_Data for review_:
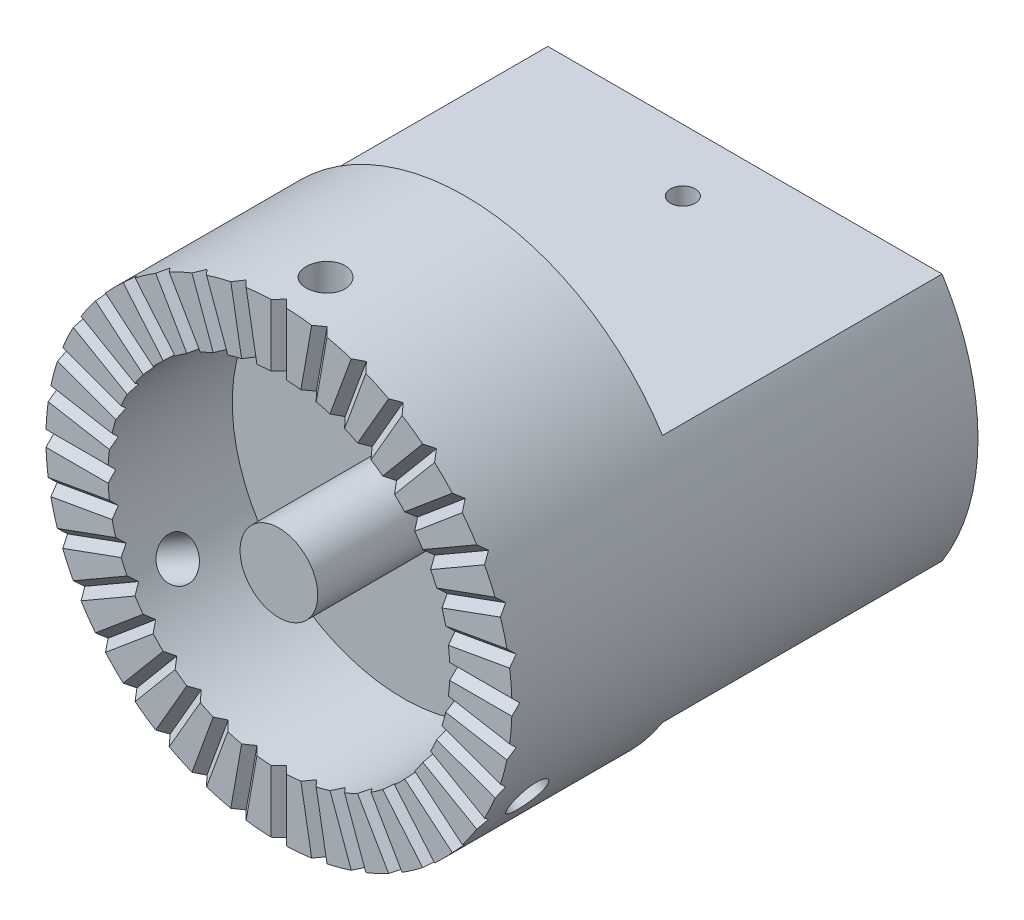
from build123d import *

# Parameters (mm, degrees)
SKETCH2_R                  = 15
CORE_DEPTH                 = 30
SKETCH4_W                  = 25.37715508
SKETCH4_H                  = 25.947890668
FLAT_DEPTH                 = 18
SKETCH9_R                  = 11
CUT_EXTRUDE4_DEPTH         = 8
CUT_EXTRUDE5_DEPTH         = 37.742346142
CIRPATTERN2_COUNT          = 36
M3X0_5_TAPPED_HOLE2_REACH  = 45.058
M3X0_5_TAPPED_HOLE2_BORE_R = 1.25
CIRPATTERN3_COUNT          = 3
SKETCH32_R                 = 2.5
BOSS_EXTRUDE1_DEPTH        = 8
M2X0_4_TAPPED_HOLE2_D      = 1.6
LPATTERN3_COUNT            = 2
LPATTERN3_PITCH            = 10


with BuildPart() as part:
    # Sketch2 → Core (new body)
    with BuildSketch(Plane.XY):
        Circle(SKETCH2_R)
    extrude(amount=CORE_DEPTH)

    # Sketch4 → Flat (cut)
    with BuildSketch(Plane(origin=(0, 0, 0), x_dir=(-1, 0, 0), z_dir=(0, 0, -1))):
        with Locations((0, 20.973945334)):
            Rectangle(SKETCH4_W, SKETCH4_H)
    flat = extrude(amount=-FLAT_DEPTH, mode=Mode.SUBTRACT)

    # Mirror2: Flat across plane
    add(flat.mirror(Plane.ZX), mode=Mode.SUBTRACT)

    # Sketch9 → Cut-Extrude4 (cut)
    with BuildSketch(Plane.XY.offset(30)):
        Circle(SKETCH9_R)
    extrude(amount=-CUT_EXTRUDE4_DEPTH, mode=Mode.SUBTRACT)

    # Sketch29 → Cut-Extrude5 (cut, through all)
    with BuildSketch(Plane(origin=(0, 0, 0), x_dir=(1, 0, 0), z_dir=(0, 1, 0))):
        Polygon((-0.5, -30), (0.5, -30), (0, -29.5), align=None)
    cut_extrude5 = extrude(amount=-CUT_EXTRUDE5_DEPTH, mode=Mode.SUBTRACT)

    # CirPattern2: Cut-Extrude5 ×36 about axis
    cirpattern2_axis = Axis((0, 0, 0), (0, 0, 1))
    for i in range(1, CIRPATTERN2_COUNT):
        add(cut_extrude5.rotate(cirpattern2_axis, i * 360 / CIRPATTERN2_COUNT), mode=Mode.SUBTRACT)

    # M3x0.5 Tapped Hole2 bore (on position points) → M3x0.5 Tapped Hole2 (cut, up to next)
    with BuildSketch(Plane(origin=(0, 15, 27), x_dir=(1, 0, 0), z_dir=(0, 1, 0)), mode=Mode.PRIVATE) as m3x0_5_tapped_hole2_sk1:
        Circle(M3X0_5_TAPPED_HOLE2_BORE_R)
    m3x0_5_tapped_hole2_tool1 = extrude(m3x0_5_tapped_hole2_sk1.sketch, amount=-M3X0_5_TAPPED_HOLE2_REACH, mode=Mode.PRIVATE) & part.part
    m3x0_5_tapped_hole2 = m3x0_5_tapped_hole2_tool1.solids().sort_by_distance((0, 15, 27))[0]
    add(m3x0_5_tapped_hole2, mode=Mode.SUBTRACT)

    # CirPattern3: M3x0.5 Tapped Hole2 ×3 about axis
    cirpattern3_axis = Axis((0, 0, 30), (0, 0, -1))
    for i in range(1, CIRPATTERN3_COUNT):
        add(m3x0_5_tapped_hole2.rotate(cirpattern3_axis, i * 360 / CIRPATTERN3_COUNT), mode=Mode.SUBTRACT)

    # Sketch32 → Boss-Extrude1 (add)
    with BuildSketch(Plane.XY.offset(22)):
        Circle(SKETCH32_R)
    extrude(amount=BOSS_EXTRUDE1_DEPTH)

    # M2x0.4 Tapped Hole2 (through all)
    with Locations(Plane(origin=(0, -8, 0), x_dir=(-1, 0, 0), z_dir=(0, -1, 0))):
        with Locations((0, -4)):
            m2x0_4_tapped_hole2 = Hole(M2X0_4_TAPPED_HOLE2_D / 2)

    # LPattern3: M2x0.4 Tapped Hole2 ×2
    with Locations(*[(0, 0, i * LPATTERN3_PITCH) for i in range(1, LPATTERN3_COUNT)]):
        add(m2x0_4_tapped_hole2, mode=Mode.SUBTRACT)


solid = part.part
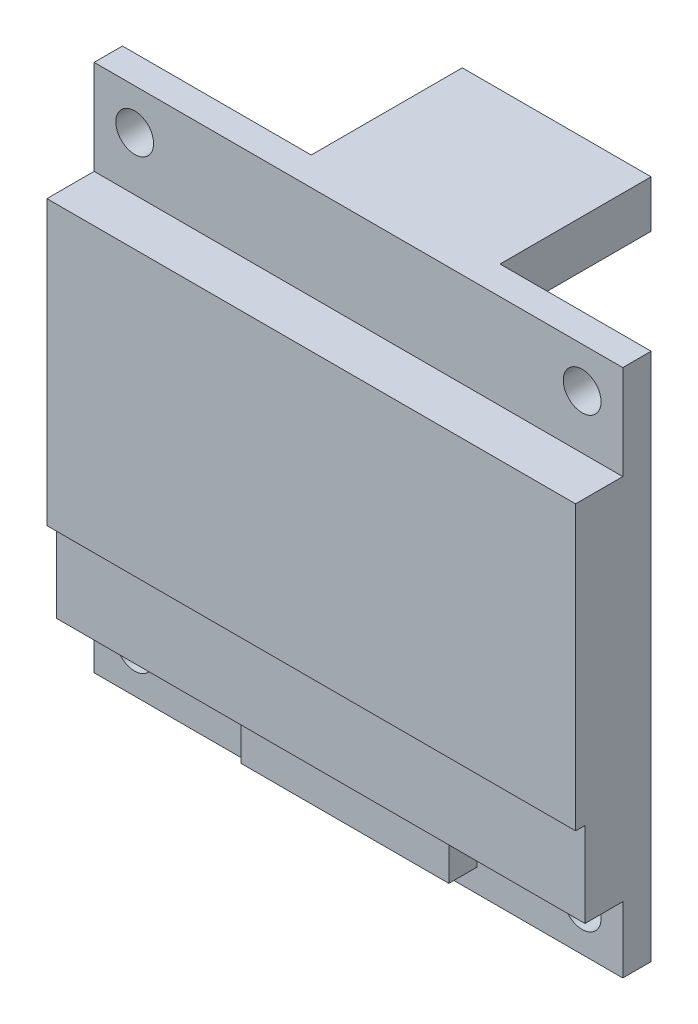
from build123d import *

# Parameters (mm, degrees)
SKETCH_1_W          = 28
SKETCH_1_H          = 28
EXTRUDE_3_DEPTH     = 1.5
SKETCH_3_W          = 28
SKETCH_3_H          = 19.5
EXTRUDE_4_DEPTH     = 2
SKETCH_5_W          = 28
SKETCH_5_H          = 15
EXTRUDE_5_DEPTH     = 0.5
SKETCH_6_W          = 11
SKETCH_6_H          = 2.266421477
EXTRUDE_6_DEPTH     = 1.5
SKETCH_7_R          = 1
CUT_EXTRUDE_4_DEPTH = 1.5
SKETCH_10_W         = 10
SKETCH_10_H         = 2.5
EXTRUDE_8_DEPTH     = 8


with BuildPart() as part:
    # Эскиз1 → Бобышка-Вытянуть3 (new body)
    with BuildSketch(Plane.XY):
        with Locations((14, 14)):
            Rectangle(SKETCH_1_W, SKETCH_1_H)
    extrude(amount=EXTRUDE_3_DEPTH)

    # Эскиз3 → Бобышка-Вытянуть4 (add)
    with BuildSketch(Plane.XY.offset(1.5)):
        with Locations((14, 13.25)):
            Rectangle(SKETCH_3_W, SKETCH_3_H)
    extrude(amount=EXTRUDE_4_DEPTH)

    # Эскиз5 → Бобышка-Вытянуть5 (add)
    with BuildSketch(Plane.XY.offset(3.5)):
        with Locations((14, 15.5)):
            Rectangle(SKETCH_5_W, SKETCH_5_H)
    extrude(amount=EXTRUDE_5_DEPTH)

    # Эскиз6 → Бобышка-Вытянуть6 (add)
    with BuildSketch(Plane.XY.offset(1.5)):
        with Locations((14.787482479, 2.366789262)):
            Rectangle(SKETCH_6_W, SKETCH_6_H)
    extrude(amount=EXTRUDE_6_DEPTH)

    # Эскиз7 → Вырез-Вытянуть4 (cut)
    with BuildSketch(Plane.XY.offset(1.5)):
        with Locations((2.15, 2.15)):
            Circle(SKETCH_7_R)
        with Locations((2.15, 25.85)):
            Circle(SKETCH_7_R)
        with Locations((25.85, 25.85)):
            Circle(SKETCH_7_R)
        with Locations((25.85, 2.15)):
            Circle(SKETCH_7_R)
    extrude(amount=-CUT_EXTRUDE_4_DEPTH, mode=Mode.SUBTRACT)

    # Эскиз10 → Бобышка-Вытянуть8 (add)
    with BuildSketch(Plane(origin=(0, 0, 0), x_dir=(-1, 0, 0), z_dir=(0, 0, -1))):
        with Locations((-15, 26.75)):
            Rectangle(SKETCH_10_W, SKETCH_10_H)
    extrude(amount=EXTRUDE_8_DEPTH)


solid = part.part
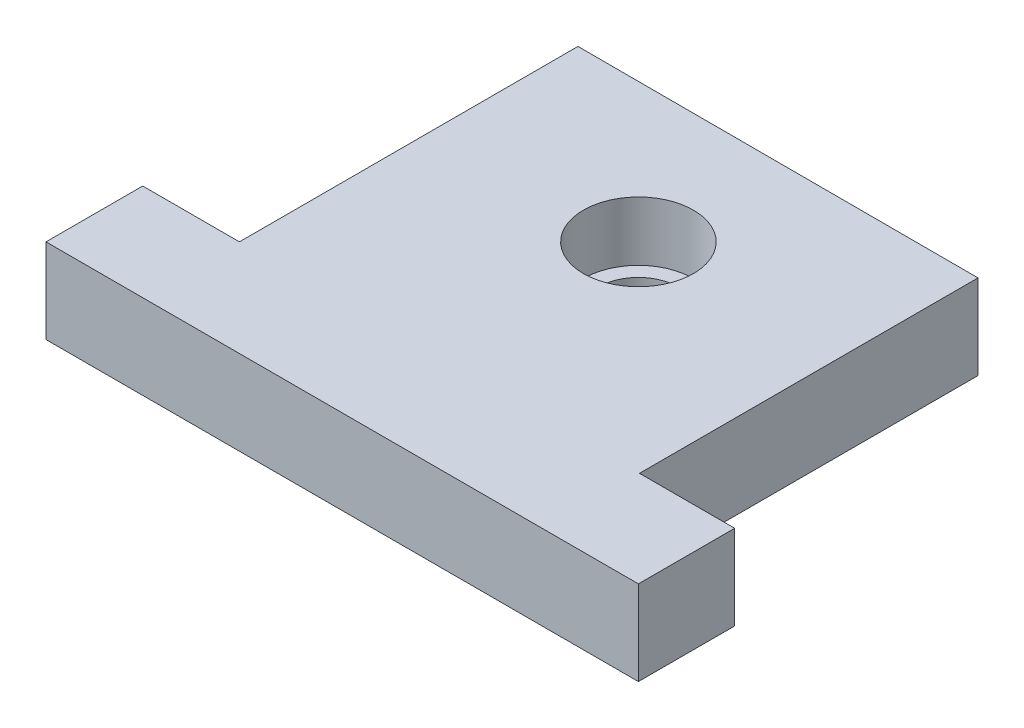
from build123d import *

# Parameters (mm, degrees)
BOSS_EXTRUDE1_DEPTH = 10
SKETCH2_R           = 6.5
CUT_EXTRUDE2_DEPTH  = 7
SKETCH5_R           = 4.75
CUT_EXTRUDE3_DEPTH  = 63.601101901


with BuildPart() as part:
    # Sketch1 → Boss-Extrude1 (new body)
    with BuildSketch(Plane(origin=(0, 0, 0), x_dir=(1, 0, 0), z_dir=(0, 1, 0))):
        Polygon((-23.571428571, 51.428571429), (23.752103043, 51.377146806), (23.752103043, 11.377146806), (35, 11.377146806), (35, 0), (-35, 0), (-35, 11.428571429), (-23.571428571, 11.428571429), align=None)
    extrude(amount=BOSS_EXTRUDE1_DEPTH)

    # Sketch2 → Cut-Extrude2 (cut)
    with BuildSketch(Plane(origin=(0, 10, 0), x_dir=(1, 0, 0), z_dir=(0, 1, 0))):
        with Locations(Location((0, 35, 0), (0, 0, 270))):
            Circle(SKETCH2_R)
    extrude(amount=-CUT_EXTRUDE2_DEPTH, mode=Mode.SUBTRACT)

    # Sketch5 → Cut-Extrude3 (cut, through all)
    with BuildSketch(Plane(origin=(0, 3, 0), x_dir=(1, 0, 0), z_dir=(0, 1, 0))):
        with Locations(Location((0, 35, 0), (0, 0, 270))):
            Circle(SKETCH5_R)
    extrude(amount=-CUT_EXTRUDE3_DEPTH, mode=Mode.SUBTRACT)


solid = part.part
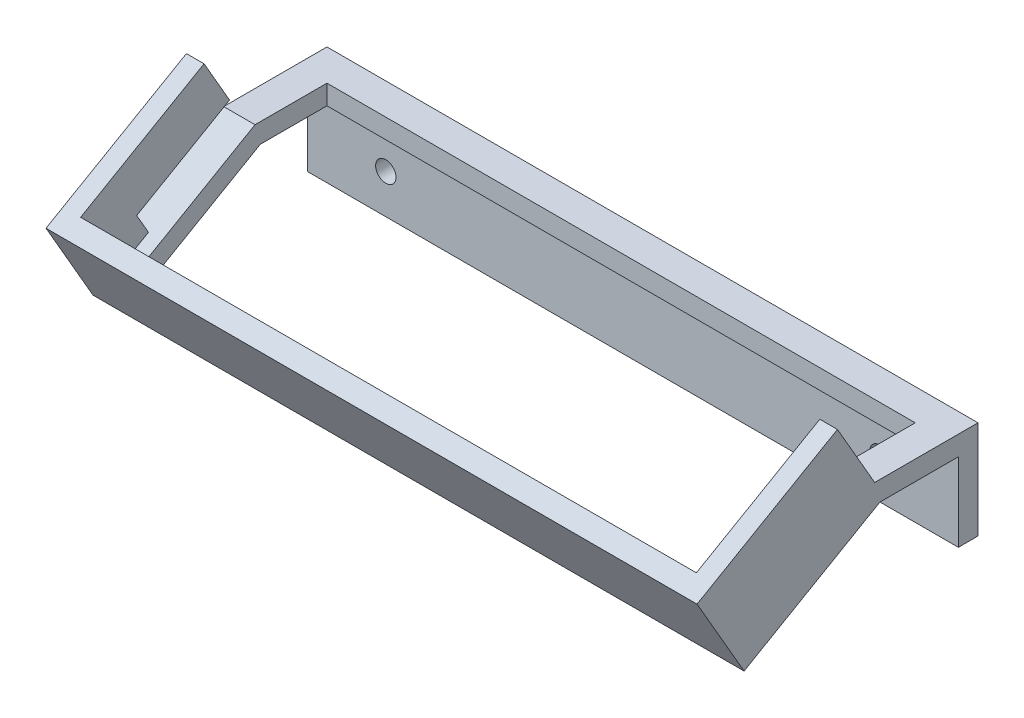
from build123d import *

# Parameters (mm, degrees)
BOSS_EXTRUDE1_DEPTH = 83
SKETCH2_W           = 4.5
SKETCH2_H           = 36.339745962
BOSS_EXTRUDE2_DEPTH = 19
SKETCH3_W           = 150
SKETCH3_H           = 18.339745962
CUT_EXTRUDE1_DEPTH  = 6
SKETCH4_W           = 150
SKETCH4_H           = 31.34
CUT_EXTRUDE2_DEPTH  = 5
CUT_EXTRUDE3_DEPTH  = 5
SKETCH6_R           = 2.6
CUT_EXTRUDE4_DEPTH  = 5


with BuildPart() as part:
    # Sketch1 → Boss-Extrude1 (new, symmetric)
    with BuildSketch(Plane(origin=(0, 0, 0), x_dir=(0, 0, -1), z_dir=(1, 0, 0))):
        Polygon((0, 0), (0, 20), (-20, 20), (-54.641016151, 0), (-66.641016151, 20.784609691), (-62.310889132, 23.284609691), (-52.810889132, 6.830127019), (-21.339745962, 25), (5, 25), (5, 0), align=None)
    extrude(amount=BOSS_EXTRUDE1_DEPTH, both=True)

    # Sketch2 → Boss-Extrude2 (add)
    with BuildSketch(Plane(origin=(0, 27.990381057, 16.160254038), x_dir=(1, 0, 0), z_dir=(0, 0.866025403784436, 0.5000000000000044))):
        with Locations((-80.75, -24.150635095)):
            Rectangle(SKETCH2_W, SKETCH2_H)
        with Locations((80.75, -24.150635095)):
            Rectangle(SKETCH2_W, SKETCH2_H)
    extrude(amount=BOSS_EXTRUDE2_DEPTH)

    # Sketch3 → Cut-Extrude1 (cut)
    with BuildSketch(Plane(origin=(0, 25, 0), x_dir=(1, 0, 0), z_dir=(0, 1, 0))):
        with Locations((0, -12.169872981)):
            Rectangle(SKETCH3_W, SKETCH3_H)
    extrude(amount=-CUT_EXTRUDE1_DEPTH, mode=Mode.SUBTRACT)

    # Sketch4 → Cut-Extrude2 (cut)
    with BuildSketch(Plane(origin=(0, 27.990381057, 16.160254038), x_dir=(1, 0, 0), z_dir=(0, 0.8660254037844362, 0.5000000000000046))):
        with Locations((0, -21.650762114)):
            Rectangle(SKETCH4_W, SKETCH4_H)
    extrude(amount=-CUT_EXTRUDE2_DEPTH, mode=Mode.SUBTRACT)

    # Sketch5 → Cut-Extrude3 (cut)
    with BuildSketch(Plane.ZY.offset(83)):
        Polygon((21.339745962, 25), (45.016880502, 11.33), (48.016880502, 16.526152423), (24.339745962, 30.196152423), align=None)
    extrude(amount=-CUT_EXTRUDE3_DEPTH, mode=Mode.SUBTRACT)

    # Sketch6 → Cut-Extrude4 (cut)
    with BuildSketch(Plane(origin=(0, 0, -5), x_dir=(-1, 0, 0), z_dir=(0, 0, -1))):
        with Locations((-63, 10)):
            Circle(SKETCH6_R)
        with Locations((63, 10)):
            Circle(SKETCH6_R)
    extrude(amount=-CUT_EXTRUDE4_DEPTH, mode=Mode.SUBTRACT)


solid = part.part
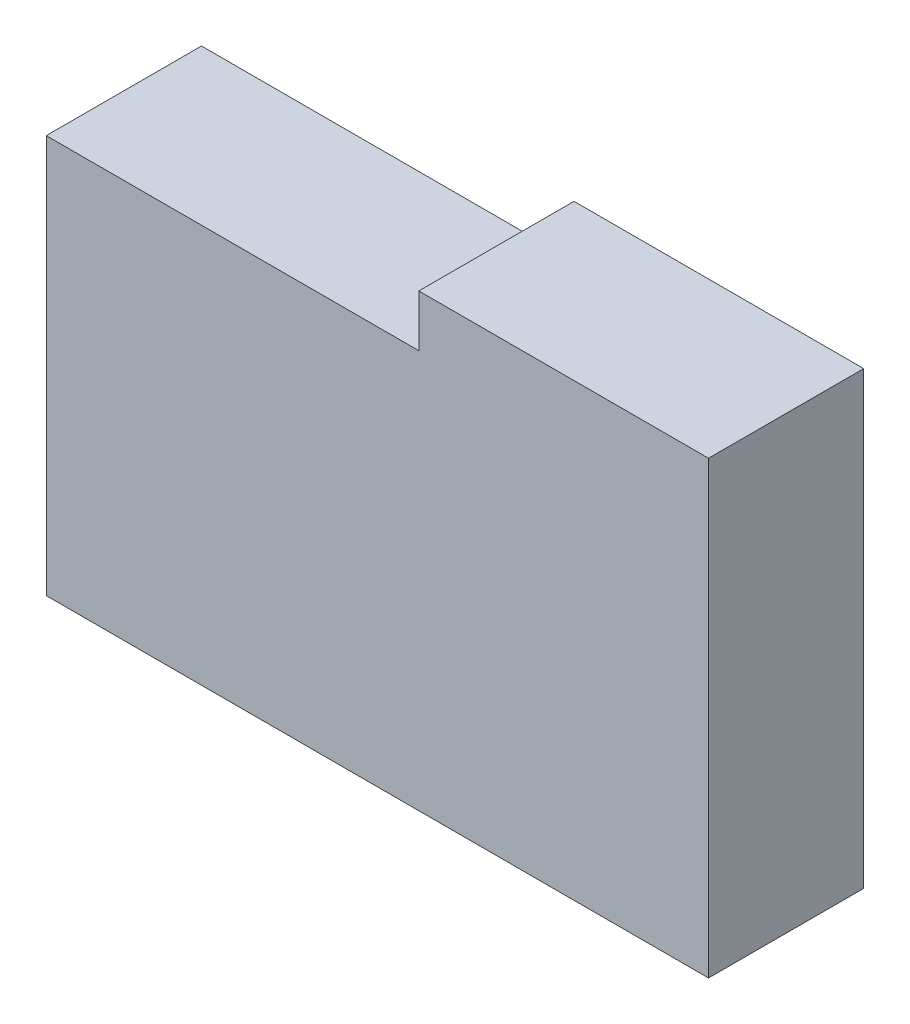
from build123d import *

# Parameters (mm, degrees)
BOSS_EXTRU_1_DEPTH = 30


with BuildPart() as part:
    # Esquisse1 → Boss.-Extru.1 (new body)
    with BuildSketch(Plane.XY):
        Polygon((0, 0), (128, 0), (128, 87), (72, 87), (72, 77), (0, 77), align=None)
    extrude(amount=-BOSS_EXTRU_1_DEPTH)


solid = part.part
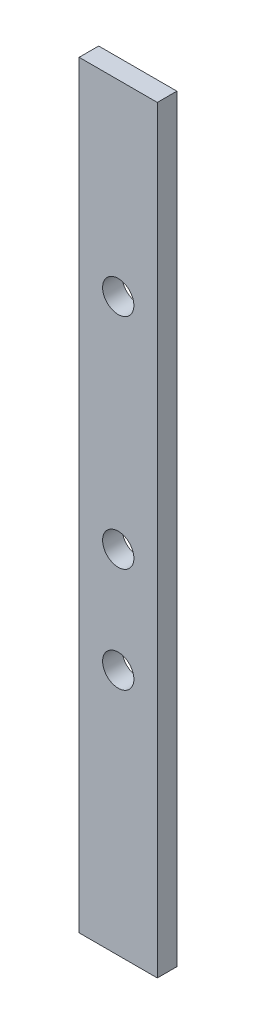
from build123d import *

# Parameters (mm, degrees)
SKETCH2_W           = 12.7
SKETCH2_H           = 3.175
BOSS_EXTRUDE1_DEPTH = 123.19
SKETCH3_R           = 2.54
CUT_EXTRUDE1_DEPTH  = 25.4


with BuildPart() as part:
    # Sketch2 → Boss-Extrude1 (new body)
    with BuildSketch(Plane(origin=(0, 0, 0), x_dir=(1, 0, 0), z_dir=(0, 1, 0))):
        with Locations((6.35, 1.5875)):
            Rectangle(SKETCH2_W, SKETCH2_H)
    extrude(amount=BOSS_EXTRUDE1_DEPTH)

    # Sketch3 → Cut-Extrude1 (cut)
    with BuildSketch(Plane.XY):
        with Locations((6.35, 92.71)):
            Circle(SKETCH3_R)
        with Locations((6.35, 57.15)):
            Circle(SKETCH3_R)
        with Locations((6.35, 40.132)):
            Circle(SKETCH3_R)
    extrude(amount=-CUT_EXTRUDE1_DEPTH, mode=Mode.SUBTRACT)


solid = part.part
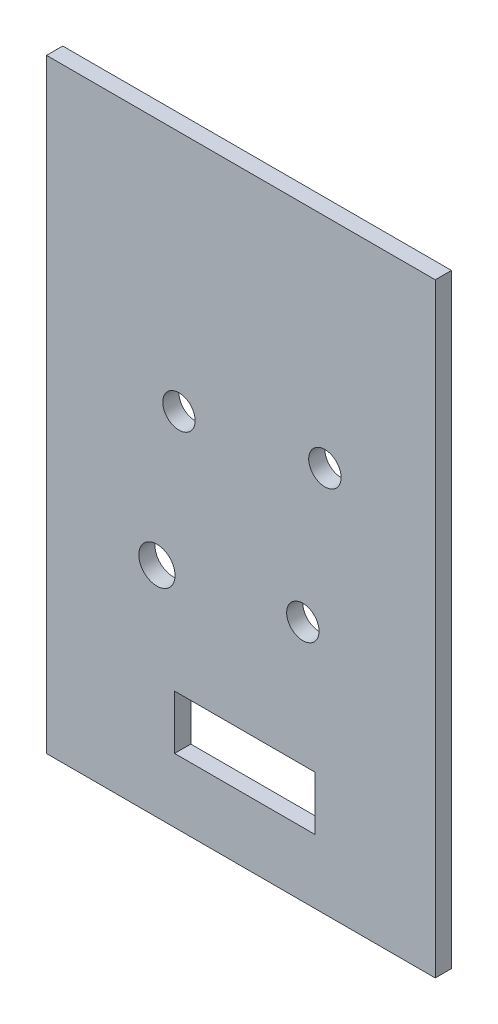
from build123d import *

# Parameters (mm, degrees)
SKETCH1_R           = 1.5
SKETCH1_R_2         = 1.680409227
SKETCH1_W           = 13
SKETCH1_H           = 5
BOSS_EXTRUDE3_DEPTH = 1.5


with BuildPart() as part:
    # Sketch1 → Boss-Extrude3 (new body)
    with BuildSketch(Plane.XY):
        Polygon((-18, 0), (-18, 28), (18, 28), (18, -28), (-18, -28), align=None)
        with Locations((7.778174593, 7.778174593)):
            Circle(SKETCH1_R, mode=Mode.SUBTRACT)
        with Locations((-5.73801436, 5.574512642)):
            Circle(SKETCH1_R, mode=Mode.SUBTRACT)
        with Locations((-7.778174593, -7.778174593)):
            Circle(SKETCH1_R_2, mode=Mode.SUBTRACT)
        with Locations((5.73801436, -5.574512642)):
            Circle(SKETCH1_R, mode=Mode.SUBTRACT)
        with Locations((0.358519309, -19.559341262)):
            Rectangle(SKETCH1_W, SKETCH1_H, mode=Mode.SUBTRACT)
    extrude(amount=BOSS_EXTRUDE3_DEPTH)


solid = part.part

_Problem to solve_: Go through the entries above and count each line that contains the string "align". Reply only with the total.

_Task answer_: 6